• [Instructions for the task] Each line below with the string "NoConn" should be copied.

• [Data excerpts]
•••••
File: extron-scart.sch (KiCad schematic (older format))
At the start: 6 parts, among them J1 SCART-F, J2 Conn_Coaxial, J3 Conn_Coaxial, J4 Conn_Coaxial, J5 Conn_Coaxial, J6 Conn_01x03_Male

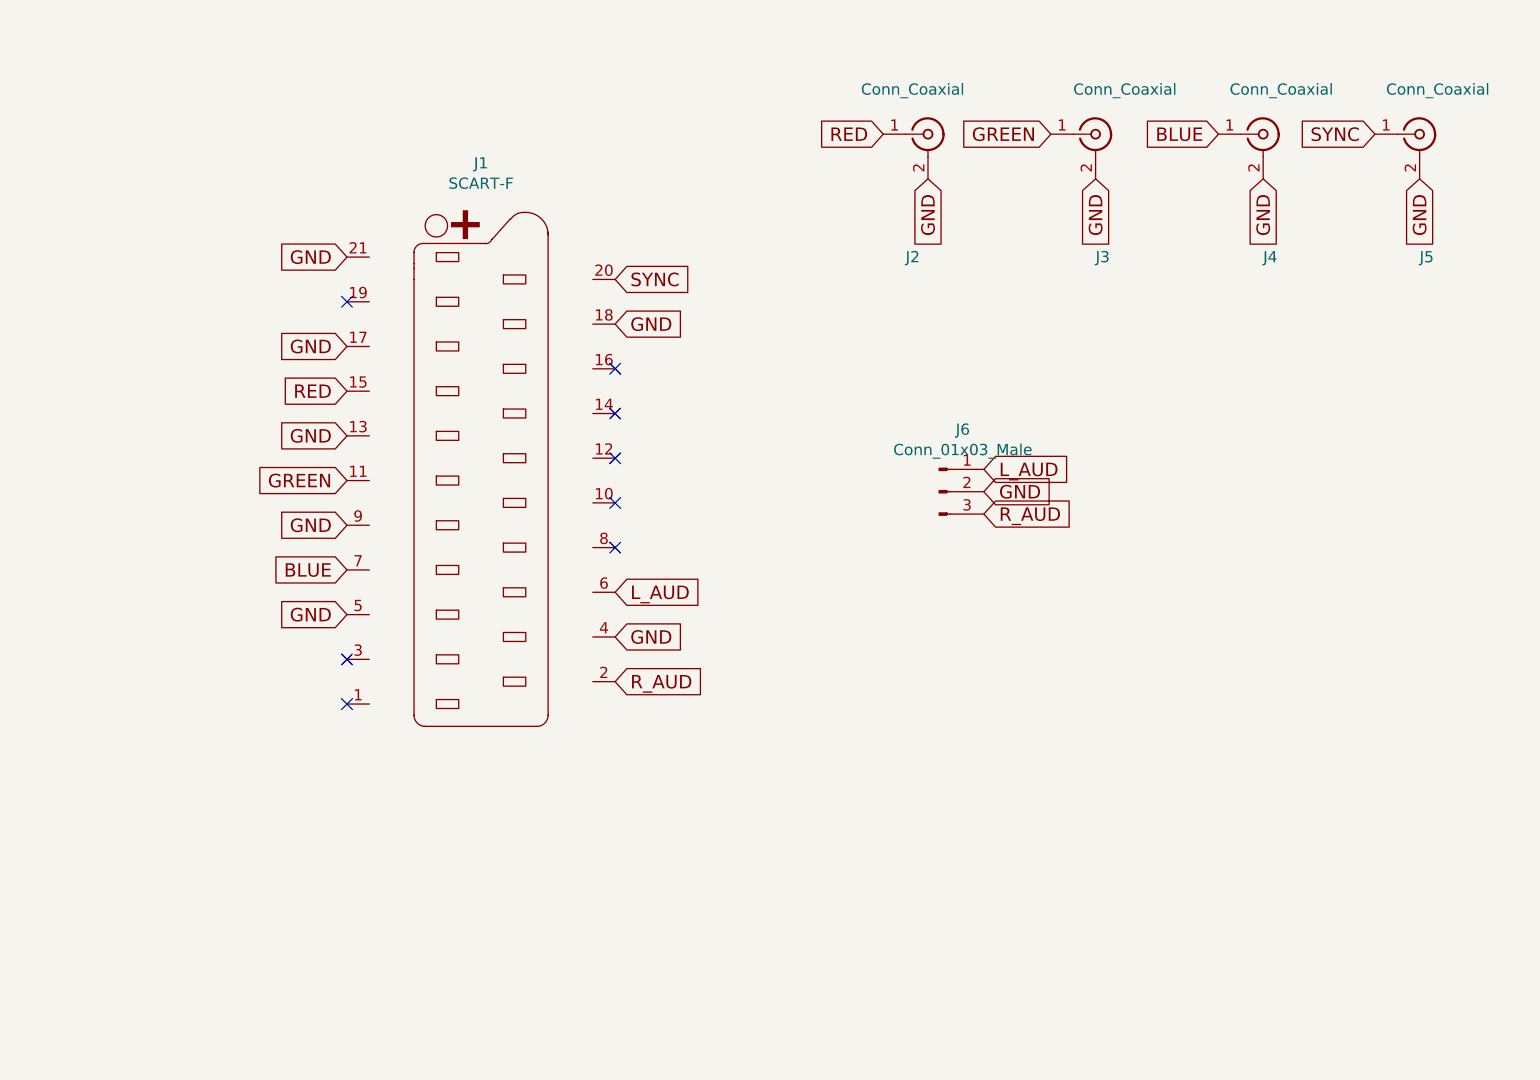
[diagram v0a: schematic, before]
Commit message: New sch/pcb input from extron crosspoint dimensions
Different orientation for the board
Added selectable sync stripper

Missing mounting holes, and better silkscreen, but mostly done
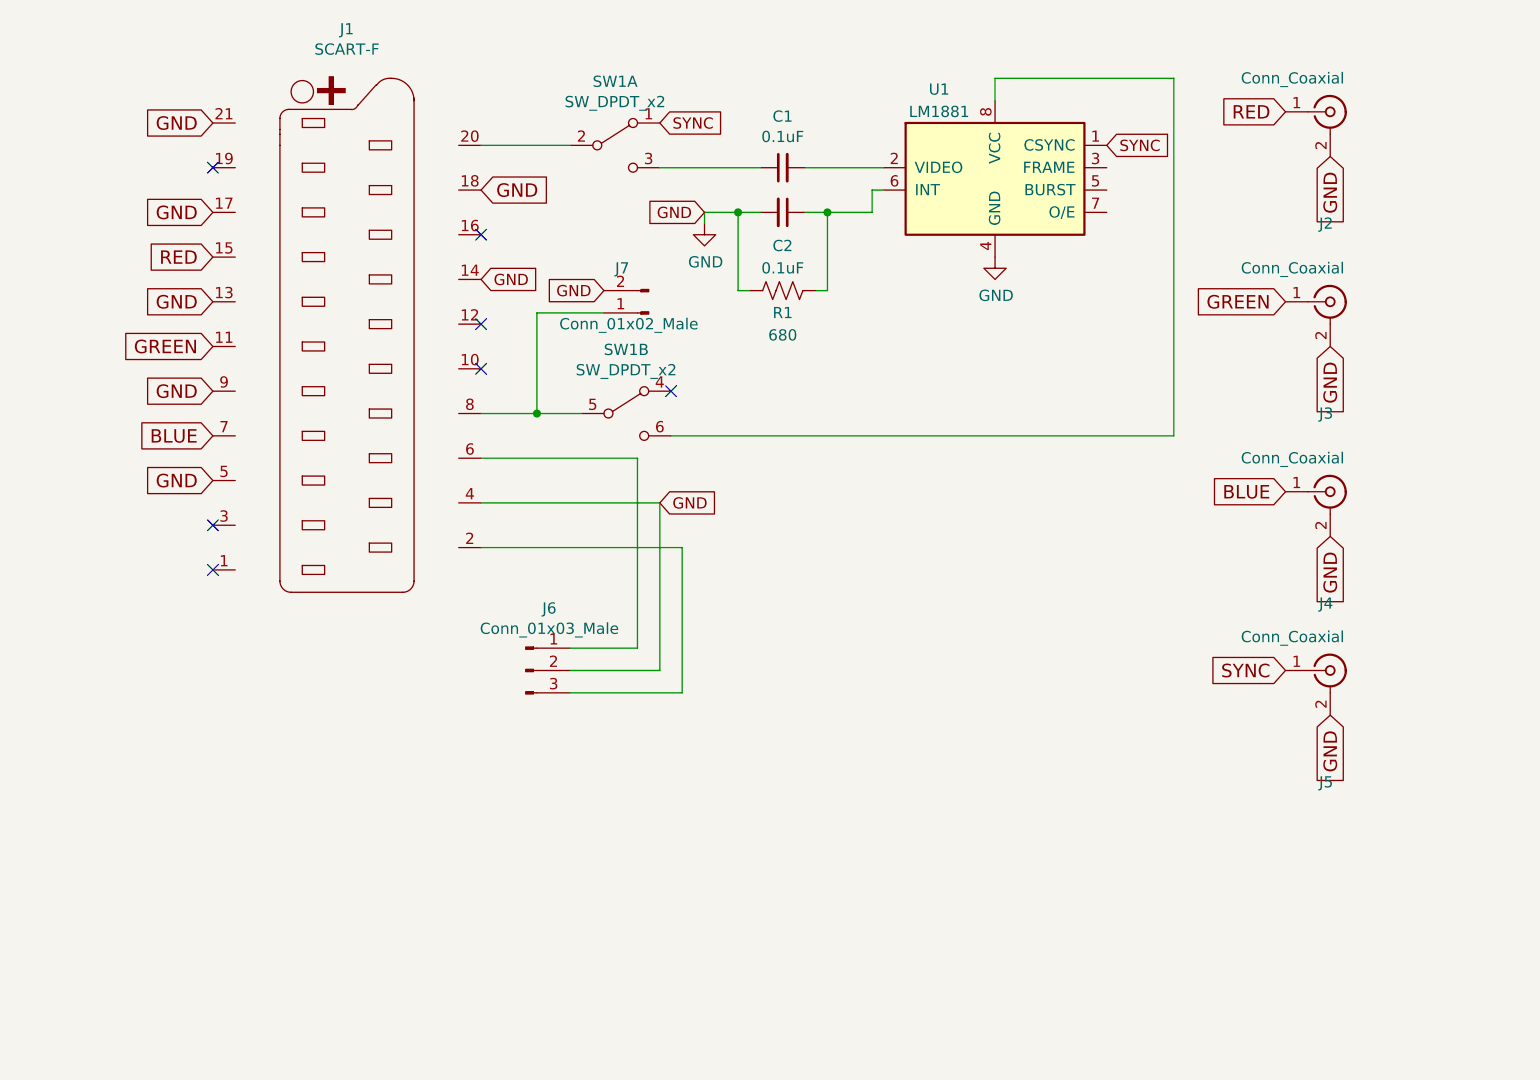
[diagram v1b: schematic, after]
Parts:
- added C1, C2: 0.1uF, Capacitor_THT:C_Disc_D3.0mm_W1.6mm_P2.50mm, symbol Device:C_Small
- added J7: Conn_01x02_Male, Connector_JST:JST_EH_B02B-EH-A_1x02_P2.50mm_Vertical, symbol Connector:Conn_01x02_Male
- added R1: 680, Resistor_THT:R_Axial_DIN0204_L3.6mm_D1.6mm_P1.90mm_Vertical, symbol Device:R_US
- added SW1: SW_DPDT_x2, Button_Switch_THT:SW_CuK_JS202011AQN_DPDT_Angled, symbol Switch:SW_DPDT_x2
- added U1: LM1881, Package_DIP:DIP-8_W7.62mm, symbol Video:LM1881
- J1: footprint extron-scart:SCART_F -> extron-scart:SCART_F_RA
- J2, J3, J4, J5: footprint extron-scart:RCA -> extron-scart:BNC_90
- J6: footprint Connector_PinHeader_2.54mm:PinHeader_1x03_P2.54mm_Vertical -> Connector_JST:JST_EH_B03B-EH-A_1x03_P2.50mm_Vertical
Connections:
- net GND: now also J1.14 (P14), C2.2, J7.2 (Pin_2), R1.1, U1.4 (GND)
- net SYNC: now also SW1.1 (A), U1.1 (CSYNC); no longer J1.20 (P20)
- net at J1.8 (P8): now also J7.1 (Pin_1), SW1.5 (B)
- net L_AUD: no longer names the net of J1.6 (P6), J6.1 (Pin_1)
- net R_AUD: no longer names the net of J1.2 (P2), J6.3 (Pin_3)
- new net: J1.20 (P20), SW1.2 (B)
- new net: C1.2, U1.2 (VIDEO)
- new net: C2.1, R1.2, U1.6 (INT)
- new net: SW1.6 (C), U1.8 (VCC)
- new net: C1.1, SW1.3 (C)
- no-connect marks 8 -> 7
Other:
- moved on the sheet: J1, J2, J3, J4, J5, J6

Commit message: V1.0 -> Sent to JLCPCB
Hopefully everything is right
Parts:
- added J10, J11, J8, J9: Conn_01x01, MountingHole:MountingHole_3.2mm_M3, symbol Connector_Generic:Conn_01x01
- J6: footprint Connector_JST:JST_EH_B03B-EH-A_1x03_P2.50mm_Vertical -> Connector_JST:JST_EH_S03B-EH_1x03_P2.50mm_Horizontal
- J7: footprint Connector_JST:JST_EH_B02B-EH-A_1x02_P2.50mm_Vertical -> Connector_JST:JST_EH_S02B-EH_1x02_P2.50mm_Horizontal
- R1: value 680 -> 680k
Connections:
- no-connect marks 7 -> 11
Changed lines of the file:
@@
 F 0 "J6" H 4756 4828 50  0000 C CNN
 F 1 "Conn_01x03_Male" H 4756 4737 50  0000 C CNN
-F 2 "Connector_JST:JST_EH_B03B-EH-A_1x03_P2.50mm_Vertical" H 4650 4550 50  0001 C CNN
+F 2 "Connector_JST:JST_EH_S03B-EH_1x03_P2.50mm_Horizontal" H 4650 4550 50  0001 C CNN
 F 3 "~" H 4650 4550 50  0001 C CNN
 	1    4650 4550
@@
 F 0 "J7" H 5350 2750 50  0000 R CNN
 F 1 "Conn_01x02_Male" H 5600 3000 50  0000 R CNN
-F 2 "Connector_JST:JST_EH_B02B-EH-A_1x02_P2.50mm_Vertical" H 5200 2950 50  0001 C CNN
+F 2 "Connector_JST:JST_EH_S02B-EH_1x02_P2.50mm_Horizontal" H 5200 2950 50  0001 C CNN
 F 3 "~" H 5200 2950 50  0001 C CNN
 	1    5200 2950
@@
 P 5800 2850
 F 0 "R1" V 5700 2850 50  0000 C CNN
-F 1 "680" V 5600 2850 50  0000 C CNN
+F 1 "680k" V 5600 2850 50  0000 C CNN
 F 2 "Resistor_THT:R_Axial_DIN0204_L3.6mm_D1.6mm_P1.90mm_Vertical" V 5840 2840 50  0001 C CNN
 F 3 "~" H 5800 2850 50  0001 C CNN
@@
 Text GLabel 5250 3800 2    50   Input ~ 0
 GND
+NoConn ~ 2400 5600
+NoConn ~ 2400 5800
+NoConn ~ 2400 6000
+NoConn ~ 2400 6200
+$Comp
+L Connector_Generic:Conn_01x01 J8
+U 1 1 5C7605B3
+P 2600 5600
+F 0 "J8" H 2680 5642 50  0000 L CNN
+F 1 "Conn_01x01" H 2680 5551 50  0000 L CNN
+F 2 "MountingHole:MountingHole_3.2mm_M3" H 2600 5600 50  0001 C CNN
+F 3 "~" H 2600 5600 50  0001 C CNN
+	1    2600 5600
+	1    0    0    -1
+$EndComp
+$Comp
+L Connector_Generic:Conn_01x01 J9
+U 1 1 5C76074F
+P 2600 5800
+F 0 "J9" H 2680 5842 50  0000 L CNN
+F 1 "Conn_01x01" H 2680 5751 50  0000 L CNN
+F 2 "MountingHole:MountingHole_3.2mm_M3" H 2600 5800 50  0001 C CNN
+F 3 "~" H 2600 5800 50  0001 C CNN
+	1    2600 5800
+	1    0    0    -1
+$EndComp
+$Comp
+L Connector_Generic:Conn_01x01 J10
+U 1 1 5C760785
+P 2600 6000
+F 0 "J10" H 2680 6042 50  0000 L CNN
+F 1 "Conn_01x01" H 2680 5951 50  0000 L CNN
+F 2 "MountingHole:MountingHole_3.2mm_M3" H 2600 6000 50  0001 C CNN
+F 3 "~" H 2600 6000 50  0001 C CNN
+	1    2600 6000
+	1    0    0    -1
+$EndComp
+$Comp
+L Connector_Generic:Conn_01x01 J11
+U 1 1 5C7607B9
+P 2600 6200
+F 0 "J11" H 2680 6242 50  0000 L CNN
+F 1 "Conn_01x01" H 2680 6151 50  0000 L CNN
+F 2 "MountingHole:MountingHole_3.2mm_M3" H 2600 6200 50  0001 C CNN
+F 3 "~" H 2600 6200 50  0001 C CNN
+	1    2600 6200
+	1    0    0    -1
+$EndComp
 $EndSCHEMATC
•••••
• [Your solution]
+NoConn ~ 2400 5600
+NoConn ~ 2400 5800
+NoConn ~ 2400 6000
+NoConn ~ 2400 6200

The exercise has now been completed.